You smile at me, bringing me close and kissing me so lovingly I feel myself again. “I love you,” you whisper to me again.
I kiss you, sliding myself between your thighs and pushing deep inside you. You whimper and moan, gripping tight onto me as I feel you stretch to take all of me inside. You’re tight and warm and I begin to melt for you. You hold fast to me, moaning and grunting as I move slowly, watching your body, your face. I want to take in as much of you as I can. I touch every inch of your skin, worshipping it as my prayers come out as shuddered breaths.
You begin to cry out, your body shaking, thighs tightening around me as I move faster, harder. I’m snarling and grunting, burying my face into your breast as I feel myself begin to come undone. You’re making me an animal again and I am no longer afraid.
My release makes you tremble, your back arching off the floor as I let loose a monstrous howl. I feel as if my soul has left my body. Perhaps this is how all those others felt before when I took what I needed. You have taken from me and I can feel it…no…I gave it willingly to you.
You hold me as I fall, your panting in my ear sweeter than any hymn. You run your fingers through my hair and along the nape of my neck.
“…too-” I moan as I brace myself up and look down at you. “I love you too.”
“I know,” you smile, meeting my kiss.
The doors to the chapel open and I hear voices. I quickly grab you up and lock us in my room.

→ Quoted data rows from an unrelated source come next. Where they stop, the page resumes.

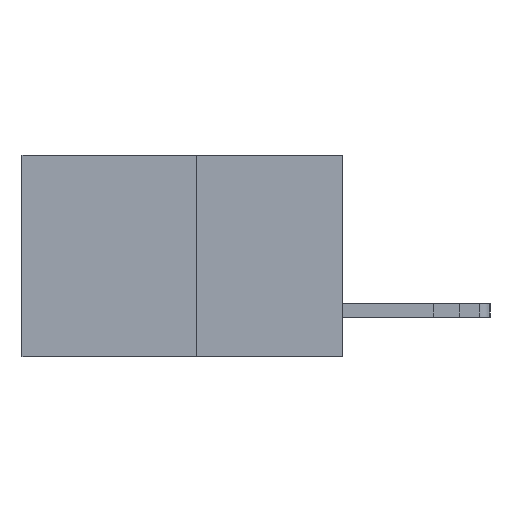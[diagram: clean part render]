
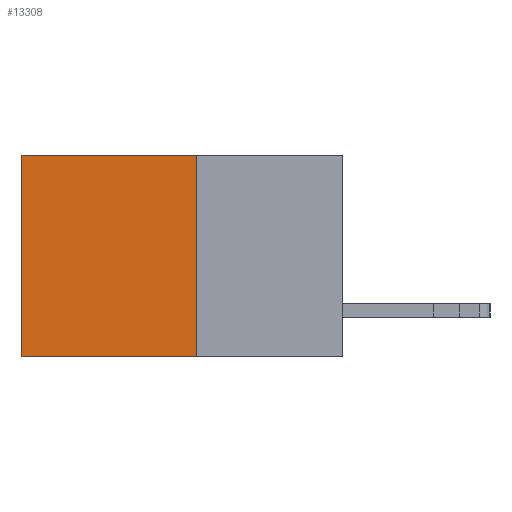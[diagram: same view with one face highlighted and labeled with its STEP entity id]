
A CAD part, left-side view. The second image highlights one B-rep face of the part: STEP entity #13308.
In plain terms, the highlighted planar face has unit normal (-1, 0, 0).
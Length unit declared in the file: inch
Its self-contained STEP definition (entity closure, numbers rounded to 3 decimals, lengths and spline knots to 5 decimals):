
#340 = VECTOR ( 'NONE', #11120, 39.37008 ) ;
#942 = CARTESIAN_POINT ( 'NONE',  ( 0.277, 0.27, -0.37 ) ) ;
#1385 = EDGE_LOOP ( 'NONE', ( #8827, #10543, #4537, #5773 ) ) ;
#1939 = EDGE_CURVE ( 'NONE', #2206, #10936, #2153, .T. ) ;
#2153 = LINE ( 'NONE', #10973, #10388 ) ;
#2206 = VERTEX_POINT ( 'NONE', #13279 ) ;
#2583 = DIRECTION ( 'NONE',  ( 1., 0., 0. ) ) ;
#2817 = AXIS2_PLACEMENT_3D ( 'NONE', #942, #2583, #14117 ) ;
#2902 = CARTESIAN_POINT ( 'NONE',  ( 0.277, 0.59, 0. ) ) ;
#3819 = EDGE_CURVE ( 'NONE', #10936, #10380, #20201, .T. ) ;
#4189 = LINE ( 'NONE', #7917, #340 ) ;
#4537 = ORIENTED_EDGE ( 'NONE', *, *, #16154, .F. ) ;
#5764 = LINE ( 'NONE', #5918, #10198 ) ;
#5773 = ORIENTED_EDGE ( 'NONE', *, *, #1939, .T. ) ;
#5918 = CARTESIAN_POINT ( 'NONE',  ( 0.277, 0.27, -0.37 ) ) ;
#7675 = DIRECTION ( 'NONE',  ( 0., 1., 0. ) ) ;
#7756 = VECTOR ( 'NONE', #17837, 39.37008 ) ;
#7879 = VERTEX_POINT ( 'NONE', #15134 ) ;
#7917 = CARTESIAN_POINT ( 'NONE',  ( 0.277, 0.27, -0.37 ) ) ;
#8827 = ORIENTED_EDGE ( 'NONE', *, *, #3819, .T. ) ;
#10198 = VECTOR ( 'NONE', #19092, 39.37008 ) ;
#10380 = VERTEX_POINT ( 'NONE', #20821 ) ;
#10388 = VECTOR ( 'NONE', #7675, 39.37008 ) ;
#10543 = ORIENTED_EDGE ( 'NONE', *, *, #19942, .F. ) ;
#10785 = PLANE ( 'NONE',  #2817 ) ;
#10936 = VERTEX_POINT ( 'NONE', #2902 ) ;
#10973 = CARTESIAN_POINT ( 'NONE',  ( 0.277, 0.27, 0. ) ) ;
#11120 = DIRECTION ( 'NONE',  ( 0., 0., -1. ) ) ;
#13279 = CARTESIAN_POINT ( 'NONE',  ( 0.277, 0.27, 0. ) ) ;
#13308 = ADVANCED_FACE ( 'NONE', ( #18436 ), #10785, .F. ) ;
#13467 = CARTESIAN_POINT ( 'NONE',  ( 0.277, 0.59, -0.37 ) ) ;
#14117 = DIRECTION ( 'NONE',  ( 0., 0., -1. ) ) ;
#15134 = CARTESIAN_POINT ( 'NONE',  ( 0.277, 0.27, -0.37 ) ) ;
#16154 = EDGE_CURVE ( 'NONE', #2206, #7879, #4189, .T. ) ;
#17837 = DIRECTION ( 'NONE',  ( 0., 0., -1. ) ) ;
#18436 = FACE_OUTER_BOUND ( 'NONE', #1385, .T. ) ;
#19092 = DIRECTION ( 'NONE',  ( 0., 1., 0. ) ) ;
#19942 = EDGE_CURVE ( 'NONE', #7879, #10380, #5764, .T. ) ;
#20201 = LINE ( 'NONE', #13467, #7756 ) ;
#20821 = CARTESIAN_POINT ( 'NONE',  ( 0.277, 0.59, -0.37 ) ) ;

“My clothes,” you whisper.
I flinch and open the door, peering out I see your clothes laying there, somewhat ripped and tousled. I manage to grab them just as people are walking into the back. I huff and you just giggle, covering your mouth so you aren’t heard.
“Are you here?” They ask, knocking on the door. “I swear I heard voices.”
“He has a life outside this church.”
“Yes, but have you actually ever seen him-”
“I’m here, I’m just getting dressed. If you need me I’ll be in my office in an hour.” I hear them scoff and scuttle away. Turning to you you’re smirking up at me.
“Be silent,” I huff as I kiss your cheek, slowly reapplying my human appearance.
“You’re beautiful no matter what face you wear,” you say as I become fully transformed.
“What?” I feel my face heat up from the tips of my ears to the base of my neck.
“You’re beautiful,” you reply. “No matter what face you wear.” You kiss me again and it takes all my strength to keep from mounting you again.
“Not nearly as lovely as you,” I whisper into your ear.
You smile at me shyly, your cheeks blooming again. “I…well…I highly doubt that! I only have this one ordinary face, you’ve got two, possibly countless, works of art under your hat.”
I chuckle and kiss your cheek, nipping playfully. “I don’t see how you could like my other face enough to call it beautiful. You should be terrified.”
“It’s you,” you murmur sweetly, “and I love everything about you. To me, the real you is as breathtaking as the first time I met you.”
My heart feels so full it could burst, “I love you too,” I touch your face, brushing the hair from in front of your eyes. “Thank you,” I whisper, pressing our foreheads together. “For loving all of me.”